Does the Appellant have a reasonable explanation for his delay, and has he demonstrated a continuing intention to request a reconsideration?

[43] The Appellant explains that he began steps to dispute the amount owing to the Commission in January 2013. He argues that he wrote a letter on February 3, 2013, that he sent by UPS courier on April 2, 2013.

[44] As the Commission points out, the Appellant was in contact with the recovery division for months. On June 16, 2016, after speaking with a Commission agent, the Appellant sent a letter dated February 20, 2013, requesting a reconsideration of the decision, as well as a UPS courier slip showing that the letter had been delivered on April 2, 2013.

[45] But the Commission never received this letter, and the Appellant did not take appropriate steps to verify whether the letter had been received because he had proof of delivery.

[46] Even though the Commission did not receive this letter, and even though the Appellant was in contact with recovery, the fact is that, since January 13, 2013, he has demonstrated a continuing intention to request a reconsideration of the decision. The Appellant used whatever means were available—even though they were not the appropriate ones—to object to paying back the amount the Commission is asking him to repay.

[47] Of course, the file shows that the Appellant began talks to make a payment arrangement, but the fact is that he initially wanted the get the decision reconsidered, which is what he did by speaking with a Commission agent in February 2013.
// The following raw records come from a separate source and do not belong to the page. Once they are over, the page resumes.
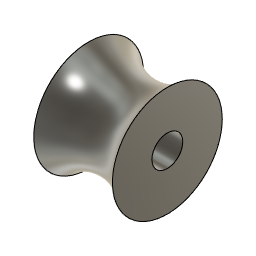
maturita4-kolo v2 (Autodesk Fusion 360 design; units mm, degrees)
Autodesk Fusion 360 part; units mm, degrees
sketch "Sketch1" plane through (0, 0, 0) normal (0, 0, 1) x (1, 0, 0)
  line L0 (0, 0) -> (13, 0)
  line L1 (13, 0) -> (13, 10)
  line L2 (0, 0) -> (0, 10)
  circle A0 centre (6.5, 16) radius 9.5
  line L3 (6.5, 16) -> (6.5, 0)
  dimension "d1" = 13
  dimension "d2" = 10
  dimension "d3" = 10
  dimension "d4" = 19
  dimension "d5" = 16
  constraint coincident L0.start L2.start
  constraint horizontal L0
  constraint perpendicular L0 L1
  constraint perpendicular L0 L2
  constraint coincident A0.centre L3.start
  constraint midpoint L0 L3.end
  measures "d1" distance of L0.start L0.end
  measures "d2" distance of L0.end L1.end
  measures "d3" distance of L0.start L2.end
  measures "d4" diameter of A0
  measures "d5" distance of A0.centre L3.end
revolve "Revolve1" add sketch "Sketch1" angle 360 about axis through (0, 0, 0) along (1, 0, 0) contours L0 L2 A0 L3 | L0 L1 A0 L3
hole "Hole1" at (13, 0, 0) direction (-1, 0, 0) diameter 5.1 depth 13 tip angle 180

[48] The Commission says that it did not receive a reconsideration request from the Appellant in February 2013, and it acknowledges that the Appellant began talks with the Employment Insurance recovery division in February 2013. It argues that the Appellant did not have good cause for waiting until June 16, 2016, to request a reconsideration.

[49] I disagree. The Appellant was verbally informed of the Commission’s initial decision in January 2013. The Commission’s file is documented and shows that the Appellant sought to challenge the decision from then on.Footnote 13 The fact that the written request was mistakenly delivered elsewhere and that the Commission did not receive it does not rule out the Appellant’s consistent efforts to get the decision reconsidered, even though he was discussing his file with recovery officers.

[50] I am making my decision on a balance of probabilities, and I find that the Appellant had a reasonable explanation for his delay in requesting a reconsideration, since he, in fact, had done it, but the Commission did not receive his challenge letter. The Appellant has demonstrated a continuing intention to pursue his appeal by increasing his efforts in this regard.

[51] I find that the Commission was not justified in refusing to extend the 30-day period to request a reconsideration.Footnote 14

Conclusion

[52] The appeal is allowed. The General Division decision of October 5, 2017, is rescinded and replaced with this one.